> [ACTIVITY]:
The reply must consist of one number: how many lines of the data include the word "page".

*** RECORDED INFORMATION Section Begins ***

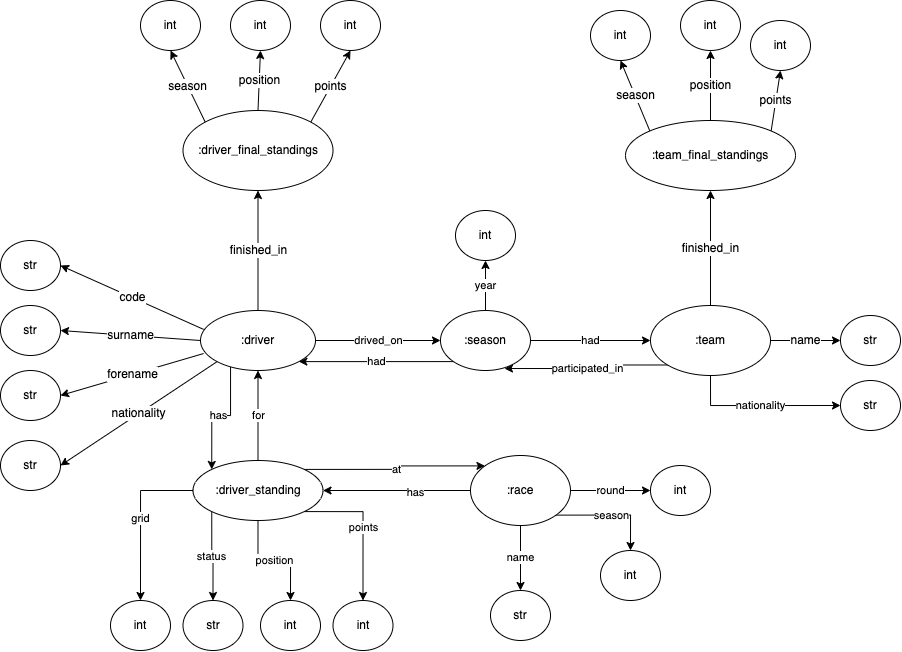

The diagram above was exported from draw.io. Its source (the exported page's mxGraphModel, read from the mxfile embedded in the PNG):
<mxGraphModel dx="2393" dy="1900" grid="1" gridSize="10" guides="1" tooltips="1" connect="1" arrows="1" fold="1" page="1" pageScale="1" pageWidth="827" pageHeight="1169" math="0" shadow="0">
  <root>
    <mxCell id="yIq4iREy4G2qoC0Vsz9f-0" />
    <mxCell id="yIq4iREy4G2qoC0Vsz9f-1" parent="yIq4iREy4G2qoC0Vsz9f-0" />
    <mxCell id="3wMCT9bNbLHMTGLc0kpU-1" value="drived_on" style="edgeStyle=orthogonalEdgeStyle;rounded=0;orthogonalLoop=1;jettySize=auto;html=1;exitX=1;exitY=0.5;exitDx=0;exitDy=0;" parent="yIq4iREy4G2qoC0Vsz9f-1" source="yIq4iREy4G2qoC0Vsz9f-2" target="3wMCT9bNbLHMTGLc0kpU-0" edge="1">
      <mxGeometry x="0.0057" relative="1" as="geometry">
        <mxPoint as="offset" />
      </mxGeometry>
    </mxCell>
    <mxCell id="3wMCT9bNbLHMTGLc0kpU-39" value="has" style="edgeStyle=orthogonalEdgeStyle;rounded=0;orthogonalLoop=1;jettySize=auto;html=1;entryX=0;entryY=0;entryDx=0;entryDy=0;" parent="yIq4iREy4G2qoC0Vsz9f-1" source="yIq4iREy4G2qoC0Vsz9f-2" target="3wMCT9bNbLHMTGLc0kpU-20" edge="1">
      <mxGeometry relative="1" as="geometry">
        <Array as="points">
          <mxPoint x="90" y="325" />
          <mxPoint x="72" y="325" />
        </Array>
      </mxGeometry>
    </mxCell>
    <mxCell id="yIq4iREy4G2qoC0Vsz9f-2" value=":driver" style="ellipse;whiteSpace=wrap;html=1;" parent="yIq4iREy4G2qoC0Vsz9f-1" vertex="1">
      <mxGeometry x="60" y="220" width="115" height="60" as="geometry" />
    </mxCell>
    <mxCell id="3wMCT9bNbLHMTGLc0kpU-11" value="nationality" style="edgeStyle=orthogonalEdgeStyle;rounded=0;orthogonalLoop=1;jettySize=auto;html=1;exitX=0.5;exitY=1;exitDx=0;exitDy=0;entryX=0;entryY=0.5;entryDx=0;entryDy=0;" parent="yIq4iREy4G2qoC0Vsz9f-1" source="yIq4iREy4G2qoC0Vsz9f-3" target="3wMCT9bNbLHMTGLc0kpU-9" edge="1">
      <mxGeometry relative="1" as="geometry" />
    </mxCell>
    <mxCell id="3wMCT9bNbLHMTGLc0kpU-19" value="participated_in" style="edgeStyle=orthogonalEdgeStyle;rounded=0;orthogonalLoop=1;jettySize=auto;html=1;exitX=0;exitY=1;exitDx=0;exitDy=0;entryX=0.711;entryY=0.967;entryDx=0;entryDy=0;entryPerimeter=0;" parent="yIq4iREy4G2qoC0Vsz9f-1" source="yIq4iREy4G2qoC0Vsz9f-3" target="3wMCT9bNbLHMTGLc0kpU-0" edge="1">
      <mxGeometry relative="1" as="geometry" />
    </mxCell>
    <mxCell id="yIq4iREy4G2qoC0Vsz9f-3" value=":team" style="ellipse;whiteSpace=wrap;html=1;" parent="yIq4iREy4G2qoC0Vsz9f-1" vertex="1">
      <mxGeometry x="510" y="215" width="120" height="70" as="geometry" />
    </mxCell>
    <mxCell id="3wMCT9bNbLHMTGLc0kpU-21" value="season" style="edgeStyle=orthogonalEdgeStyle;rounded=0;orthogonalLoop=1;jettySize=auto;html=1;exitX=1;exitY=1;exitDx=0;exitDy=0;" parent="yIq4iREy4G2qoC0Vsz9f-1" source="yIq4iREy4G2qoC0Vsz9f-4" target="yIq4iREy4G2qoC0Vsz9f-38" edge="1">
      <mxGeometry relative="1" as="geometry" />
    </mxCell>
    <mxCell id="3wMCT9bNbLHMTGLc0kpU-23" value="name" style="edgeStyle=orthogonalEdgeStyle;rounded=0;orthogonalLoop=1;jettySize=auto;html=1;exitX=0.5;exitY=1;exitDx=0;exitDy=0;entryX=0.5;entryY=0;entryDx=0;entryDy=0;" parent="yIq4iREy4G2qoC0Vsz9f-1" source="yIq4iREy4G2qoC0Vsz9f-4" target="yIq4iREy4G2qoC0Vsz9f-36" edge="1">
      <mxGeometry relative="1" as="geometry" />
    </mxCell>
    <mxCell id="3wMCT9bNbLHMTGLc0kpU-36" style="edgeStyle=orthogonalEdgeStyle;rounded=0;orthogonalLoop=1;jettySize=auto;html=1;exitX=0;exitY=0.5;exitDx=0;exitDy=0;" parent="yIq4iREy4G2qoC0Vsz9f-1" source="yIq4iREy4G2qoC0Vsz9f-4" target="3wMCT9bNbLHMTGLc0kpU-20" edge="1">
      <mxGeometry relative="1" as="geometry" />
    </mxCell>
    <mxCell id="3wMCT9bNbLHMTGLc0kpU-42" value="has" style="edgeLabel;html=1;align=center;verticalAlign=middle;resizable=0;points=[];" parent="3wMCT9bNbLHMTGLc0kpU-36" vertex="1" connectable="0">
      <mxGeometry x="-0.2542" y="2" relative="1" as="geometry">
        <mxPoint as="offset" />
      </mxGeometry>
    </mxCell>
    <mxCell id="3wMCT9bNbLHMTGLc0kpU-46" value="round" style="edgeStyle=orthogonalEdgeStyle;rounded=0;orthogonalLoop=1;jettySize=auto;html=1;exitX=1;exitY=0.5;exitDx=0;exitDy=0;" parent="yIq4iREy4G2qoC0Vsz9f-1" source="yIq4iREy4G2qoC0Vsz9f-4" target="3wMCT9bNbLHMTGLc0kpU-45" edge="1">
      <mxGeometry relative="1" as="geometry" />
    </mxCell>
    <mxCell id="yIq4iREy4G2qoC0Vsz9f-4" value=":race" style="ellipse;whiteSpace=wrap;html=1;" parent="yIq4iREy4G2qoC0Vsz9f-1" vertex="1">
      <mxGeometry x="330" y="365" width="100" height="70" as="geometry" />
    </mxCell>
    <mxCell id="yIq4iREy4G2qoC0Vsz9f-9" value="&lt;font style=&quot;font-size: 12px;&quot;&gt;finished_in&lt;/font&gt;" style="endArrow=classic;html=1;rounded=0;exitX=0.5;exitY=0;exitDx=0;exitDy=0;entryX=0.5;entryY=1;entryDx=0;entryDy=0;" parent="yIq4iREy4G2qoC0Vsz9f-1" source="yIq4iREy4G2qoC0Vsz9f-2" target="yIq4iREy4G2qoC0Vsz9f-10" edge="1">
      <mxGeometry width="50" height="50" relative="1" as="geometry">
        <mxPoint x="200" y="180" as="sourcePoint" />
        <mxPoint x="360" y="80" as="targetPoint" />
        <Array as="points" />
      </mxGeometry>
    </mxCell>
    <mxCell id="yIq4iREy4G2qoC0Vsz9f-10" value=":driver_final_standings" style="ellipse;whiteSpace=wrap;html=1;" parent="yIq4iREy4G2qoC0Vsz9f-1" vertex="1">
      <mxGeometry x="42.5" y="20" width="150" height="80" as="geometry" />
    </mxCell>
    <mxCell id="yIq4iREy4G2qoC0Vsz9f-11" value="&lt;font style=&quot;font-size: 12px;&quot;&gt;finished_in&lt;/font&gt;" style="endArrow=classic;html=1;rounded=0;exitX=0.5;exitY=0;exitDx=0;exitDy=0;entryX=0.5;entryY=1;entryDx=0;entryDy=0;" parent="yIq4iREy4G2qoC0Vsz9f-1" source="yIq4iREy4G2qoC0Vsz9f-3" target="yIq4iREy4G2qoC0Vsz9f-12" edge="1">
      <mxGeometry width="50" height="50" relative="1" as="geometry">
        <mxPoint x="520" y="180" as="sourcePoint" />
        <mxPoint x="640" y="180" as="targetPoint" />
        <Array as="points" />
      </mxGeometry>
    </mxCell>
    <mxCell id="yIq4iREy4G2qoC0Vsz9f-12" value=":team_final_standings" style="ellipse;whiteSpace=wrap;html=1;" parent="yIq4iREy4G2qoC0Vsz9f-1" vertex="1">
      <mxGeometry x="485" y="30" width="170" height="70" as="geometry" />
    </mxCell>
    <mxCell id="yIq4iREy4G2qoC0Vsz9f-13" value="&lt;font style=&quot;font-size: 12px;&quot;&gt;code&lt;/font&gt;" style="endArrow=classic;html=1;rounded=0;exitX=0.027;exitY=0.315;exitDx=0;exitDy=0;entryX=1;entryY=0.5;entryDx=0;entryDy=0;exitPerimeter=0;" parent="yIq4iREy4G2qoC0Vsz9f-1" source="yIq4iREy4G2qoC0Vsz9f-2" target="yIq4iREy4G2qoC0Vsz9f-14" edge="1">
      <mxGeometry width="50" height="50" relative="1" as="geometry">
        <mxPoint x="75" y="258" as="sourcePoint" />
        <mxPoint x="-80" y="190" as="targetPoint" />
      </mxGeometry>
    </mxCell>
    <mxCell id="yIq4iREy4G2qoC0Vsz9f-14" value="str" style="ellipse;whiteSpace=wrap;html=1;" parent="yIq4iREy4G2qoC0Vsz9f-1" vertex="1">
      <mxGeometry x="-140" y="150" width="60" height="50" as="geometry" />
    </mxCell>
    <mxCell id="yIq4iREy4G2qoC0Vsz9f-15" value="&lt;font style=&quot;font-size: 12px;&quot;&gt;surname&lt;/font&gt;" style="endArrow=classic;html=1;rounded=0;exitX=0;exitY=0.5;exitDx=0;exitDy=0;entryX=1;entryY=0.5;entryDx=0;entryDy=0;" parent="yIq4iREy4G2qoC0Vsz9f-1" source="yIq4iREy4G2qoC0Vsz9f-2" target="yIq4iREy4G2qoC0Vsz9f-16" edge="1">
      <mxGeometry width="50" height="50" relative="1" as="geometry">
        <mxPoint x="77.5" y="294" as="sourcePoint" />
        <mxPoint x="-117.5" y="266" as="targetPoint" />
      </mxGeometry>
    </mxCell>
    <mxCell id="yIq4iREy4G2qoC0Vsz9f-16" value="str" style="ellipse;whiteSpace=wrap;html=1;" parent="yIq4iREy4G2qoC0Vsz9f-1" vertex="1">
      <mxGeometry x="-140" y="215" width="60" height="50" as="geometry" />
    </mxCell>
    <mxCell id="yIq4iREy4G2qoC0Vsz9f-17" value="&lt;font style=&quot;font-size: 12px;&quot;&gt;nationality&lt;/font&gt;" style="endArrow=classic;html=1;rounded=0;exitX=0;exitY=1;exitDx=0;exitDy=0;entryX=1;entryY=0.5;entryDx=0;entryDy=0;" parent="yIq4iREy4G2qoC0Vsz9f-1" source="yIq4iREy4G2qoC0Vsz9f-2" target="yIq4iREy4G2qoC0Vsz9f-18" edge="1">
      <mxGeometry width="50" height="50" relative="1" as="geometry">
        <mxPoint x="135" y="238" as="sourcePoint" />
        <mxPoint x="-60" y="210" as="targetPoint" />
      </mxGeometry>
    </mxCell>
    <mxCell id="yIq4iREy4G2qoC0Vsz9f-18" value="str" style="ellipse;whiteSpace=wrap;html=1;" parent="yIq4iREy4G2qoC0Vsz9f-1" vertex="1">
      <mxGeometry x="-140" y="350" width="60" height="50" as="geometry" />
    </mxCell>
    <mxCell id="yIq4iREy4G2qoC0Vsz9f-19" value="&lt;font style=&quot;font-size: 12px;&quot;&gt;forename&lt;/font&gt;" style="endArrow=classic;html=1;rounded=0;exitX=0.027;exitY=0.717;exitDx=0;exitDy=0;entryX=1;entryY=0.5;entryDx=0;entryDy=0;exitPerimeter=0;" parent="yIq4iREy4G2qoC0Vsz9f-1" source="yIq4iREy4G2qoC0Vsz9f-2" target="yIq4iREy4G2qoC0Vsz9f-20" edge="1">
      <mxGeometry width="50" height="50" relative="1" as="geometry">
        <mxPoint x="65" y="419" as="sourcePoint" />
        <mxPoint x="-130" y="391" as="targetPoint" />
      </mxGeometry>
    </mxCell>
    <mxCell id="yIq4iREy4G2qoC0Vsz9f-20" value="str" style="ellipse;whiteSpace=wrap;html=1;" parent="yIq4iREy4G2qoC0Vsz9f-1" vertex="1">
      <mxGeometry x="-140" y="280" width="60" height="50" as="geometry" />
    </mxCell>
    <mxCell id="yIq4iREy4G2qoC0Vsz9f-21" value="&lt;font style=&quot;font-size: 12px;&quot;&gt;season&lt;/font&gt;" style="endArrow=classic;html=1;rounded=0;exitX=0;exitY=0;exitDx=0;exitDy=0;entryX=0.5;entryY=1;entryDx=0;entryDy=0;" parent="yIq4iREy4G2qoC0Vsz9f-1" source="yIq4iREy4G2qoC0Vsz9f-10" target="yIq4iREy4G2qoC0Vsz9f-22" edge="1">
      <mxGeometry width="50" height="50" relative="1" as="geometry">
        <mxPoint x="85.00018021831966" y="-52.49987234535661" as="sourcePoint" />
        <mxPoint x="40" y="-120" as="targetPoint" />
      </mxGeometry>
    </mxCell>
    <mxCell id="yIq4iREy4G2qoC0Vsz9f-22" value="int" style="ellipse;whiteSpace=wrap;html=1;" parent="yIq4iREy4G2qoC0Vsz9f-1" vertex="1">
      <mxGeometry y="-90" width="60" height="50" as="geometry" />
    </mxCell>
    <mxCell id="yIq4iREy4G2qoC0Vsz9f-23" value="&lt;font style=&quot;font-size: 12px;&quot;&gt;points&lt;/font&gt;" style="endArrow=classic;html=1;rounded=0;exitX=1;exitY=0;exitDx=0;exitDy=0;entryX=0.5;entryY=1;entryDx=0;entryDy=0;" parent="yIq4iREy4G2qoC0Vsz9f-1" source="yIq4iREy4G2qoC0Vsz9f-10" target="yIq4iREy4G2qoC0Vsz9f-24" edge="1">
      <mxGeometry width="50" height="50" relative="1" as="geometry">
        <mxPoint x="335" y="-22" as="sourcePoint" />
        <mxPoint x="240" y="-120" as="targetPoint" />
      </mxGeometry>
    </mxCell>
    <mxCell id="yIq4iREy4G2qoC0Vsz9f-24" value="int" style="ellipse;whiteSpace=wrap;html=1;" parent="yIq4iREy4G2qoC0Vsz9f-1" vertex="1">
      <mxGeometry x="180" y="-90" width="60" height="50" as="geometry" />
    </mxCell>
    <mxCell id="yIq4iREy4G2qoC0Vsz9f-25" value="&lt;font style=&quot;font-size: 12px;&quot;&gt;position&lt;/font&gt;" style="endArrow=classic;html=1;rounded=0;exitX=0.5;exitY=0;exitDx=0;exitDy=0;entryX=0.5;entryY=1;entryDx=0;entryDy=0;" parent="yIq4iREy4G2qoC0Vsz9f-1" source="yIq4iREy4G2qoC0Vsz9f-10" target="yIq4iREy4G2qoC0Vsz9f-26" edge="1">
      <mxGeometry width="50" height="50" relative="1" as="geometry">
        <mxPoint x="265" y="-12" as="sourcePoint" />
        <mxPoint x="250" y="-110" as="targetPoint" />
      </mxGeometry>
    </mxCell>
    <mxCell id="yIq4iREy4G2qoC0Vsz9f-26" value="int" style="ellipse;whiteSpace=wrap;html=1;" parent="yIq4iREy4G2qoC0Vsz9f-1" vertex="1">
      <mxGeometry x="90" y="-90" width="60" height="50" as="geometry" />
    </mxCell>
    <mxCell id="yIq4iREy4G2qoC0Vsz9f-27" value="&lt;font style=&quot;font-size: 12px;&quot;&gt;season&lt;/font&gt;" style="endArrow=classic;html=1;rounded=0;exitX=0;exitY=0;exitDx=0;exitDy=0;entryX=0.5;entryY=1;entryDx=0;entryDy=0;" parent="yIq4iREy4G2qoC0Vsz9f-1" source="yIq4iREy4G2qoC0Vsz9f-12" target="yIq4iREy4G2qoC0Vsz9f-28" edge="1">
      <mxGeometry width="50" height="50" relative="1" as="geometry">
        <mxPoint x="465" y="-22" as="sourcePoint" />
        <mxPoint x="370" y="-120" as="targetPoint" />
      </mxGeometry>
    </mxCell>
    <mxCell id="yIq4iREy4G2qoC0Vsz9f-28" value="int" style="ellipse;whiteSpace=wrap;html=1;" parent="yIq4iREy4G2qoC0Vsz9f-1" vertex="1">
      <mxGeometry x="450" y="-80" width="60" height="50" as="geometry" />
    </mxCell>
    <mxCell id="yIq4iREy4G2qoC0Vsz9f-29" value="&lt;font style=&quot;font-size: 12px;&quot;&gt;points&lt;/font&gt;" style="endArrow=classic;html=1;rounded=0;entryX=0.5;entryY=1;entryDx=0;entryDy=0;exitX=1;exitY=0;exitDx=0;exitDy=0;" parent="yIq4iREy4G2qoC0Vsz9f-1" source="yIq4iREy4G2qoC0Vsz9f-12" target="yIq4iREy4G2qoC0Vsz9f-30" edge="1">
      <mxGeometry width="50" height="50" relative="1" as="geometry">
        <mxPoint x="585" y="-22" as="sourcePoint" />
        <mxPoint x="570" y="-120" as="targetPoint" />
      </mxGeometry>
    </mxCell>
    <mxCell id="yIq4iREy4G2qoC0Vsz9f-30" value="int" style="ellipse;whiteSpace=wrap;html=1;" parent="yIq4iREy4G2qoC0Vsz9f-1" vertex="1">
      <mxGeometry x="610" y="-70" width="60" height="50" as="geometry" />
    </mxCell>
    <mxCell id="yIq4iREy4G2qoC0Vsz9f-31" value="&lt;font style=&quot;font-size: 12px;&quot;&gt;position&lt;/font&gt;" style="endArrow=classic;html=1;rounded=0;exitX=0.5;exitY=0;exitDx=0;exitDy=0;entryX=0.5;entryY=1;entryDx=0;entryDy=0;" parent="yIq4iREy4G2qoC0Vsz9f-1" source="yIq4iREy4G2qoC0Vsz9f-12" target="yIq4iREy4G2qoC0Vsz9f-32" edge="1">
      <mxGeometry width="50" height="50" relative="1" as="geometry">
        <mxPoint x="525" y="-40" as="sourcePoint" />
        <mxPoint x="580" y="-110" as="targetPoint" />
      </mxGeometry>
    </mxCell>
    <mxCell id="yIq4iREy4G2qoC0Vsz9f-32" value="int" style="ellipse;whiteSpace=wrap;html=1;" parent="yIq4iREy4G2qoC0Vsz9f-1" vertex="1">
      <mxGeometry x="540" y="-90" width="60" height="50" as="geometry" />
    </mxCell>
    <mxCell id="yIq4iREy4G2qoC0Vsz9f-33" value="&lt;font style=&quot;font-size: 12px;&quot;&gt;name&lt;/font&gt;" style="endArrow=classic;html=1;rounded=0;exitX=1;exitY=0.5;exitDx=0;exitDy=0;entryX=0;entryY=0.5;entryDx=0;entryDy=0;" parent="yIq4iREy4G2qoC0Vsz9f-1" source="yIq4iREy4G2qoC0Vsz9f-3" target="yIq4iREy4G2qoC0Vsz9f-34" edge="1">
      <mxGeometry x="0.0068" width="50" height="50" relative="1" as="geometry">
        <mxPoint x="610" y="250" as="sourcePoint" />
        <mxPoint x="660" y="212" as="targetPoint" />
        <mxPoint as="offset" />
      </mxGeometry>
    </mxCell>
    <mxCell id="yIq4iREy4G2qoC0Vsz9f-34" value="str" style="ellipse;whiteSpace=wrap;html=1;" parent="yIq4iREy4G2qoC0Vsz9f-1" vertex="1">
      <mxGeometry x="700" y="225" width="60" height="50" as="geometry" />
    </mxCell>
    <mxCell id="yIq4iREy4G2qoC0Vsz9f-36" value="str" style="ellipse;whiteSpace=wrap;html=1;" parent="yIq4iREy4G2qoC0Vsz9f-1" vertex="1">
      <mxGeometry x="350" y="500" width="60" height="50" as="geometry" />
    </mxCell>
    <mxCell id="yIq4iREy4G2qoC0Vsz9f-38" value="int" style="ellipse;whiteSpace=wrap;html=1;" parent="yIq4iREy4G2qoC0Vsz9f-1" vertex="1">
      <mxGeometry x="460" y="460" width="60" height="50" as="geometry" />
    </mxCell>
    <mxCell id="3wMCT9bNbLHMTGLc0kpU-15" value="year" style="edgeStyle=orthogonalEdgeStyle;rounded=0;orthogonalLoop=1;jettySize=auto;html=1;exitX=0.5;exitY=0;exitDx=0;exitDy=0;" parent="yIq4iREy4G2qoC0Vsz9f-1" source="3wMCT9bNbLHMTGLc0kpU-0" target="3wMCT9bNbLHMTGLc0kpU-14" edge="1">
      <mxGeometry relative="1" as="geometry" />
    </mxCell>
    <mxCell id="3wMCT9bNbLHMTGLc0kpU-17" value="had" style="edgeStyle=orthogonalEdgeStyle;rounded=0;orthogonalLoop=1;jettySize=auto;html=1;exitX=0;exitY=1;exitDx=0;exitDy=0;entryX=1;entryY=1;entryDx=0;entryDy=0;" parent="yIq4iREy4G2qoC0Vsz9f-1" source="3wMCT9bNbLHMTGLc0kpU-0" target="yIq4iREy4G2qoC0Vsz9f-2" edge="1">
      <mxGeometry relative="1" as="geometry" />
    </mxCell>
    <mxCell id="3wMCT9bNbLHMTGLc0kpU-18" value="had" style="edgeStyle=orthogonalEdgeStyle;rounded=0;orthogonalLoop=1;jettySize=auto;html=1;exitX=1;exitY=0.5;exitDx=0;exitDy=0;" parent="yIq4iREy4G2qoC0Vsz9f-1" source="3wMCT9bNbLHMTGLc0kpU-0" target="yIq4iREy4G2qoC0Vsz9f-3" edge="1">
      <mxGeometry relative="1" as="geometry" />
    </mxCell>
    <mxCell id="3wMCT9bNbLHMTGLc0kpU-0" value=":season" style="ellipse;whiteSpace=wrap;html=1;" parent="yIq4iREy4G2qoC0Vsz9f-1" vertex="1">
      <mxGeometry x="300" y="220" width="90" height="60" as="geometry" />
    </mxCell>
    <mxCell id="3wMCT9bNbLHMTGLc0kpU-9" value="str" style="ellipse;whiteSpace=wrap;html=1;" parent="yIq4iREy4G2qoC0Vsz9f-1" vertex="1">
      <mxGeometry x="700" y="290" width="60" height="50" as="geometry" />
    </mxCell>
    <mxCell id="3wMCT9bNbLHMTGLc0kpU-14" value="int" style="ellipse;whiteSpace=wrap;html=1;" parent="yIq4iREy4G2qoC0Vsz9f-1" vertex="1">
      <mxGeometry x="315" y="120" width="60" height="50" as="geometry" />
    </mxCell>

*** RECORDED INFORMATION Section Ends ***

> [OUTPUT]:
2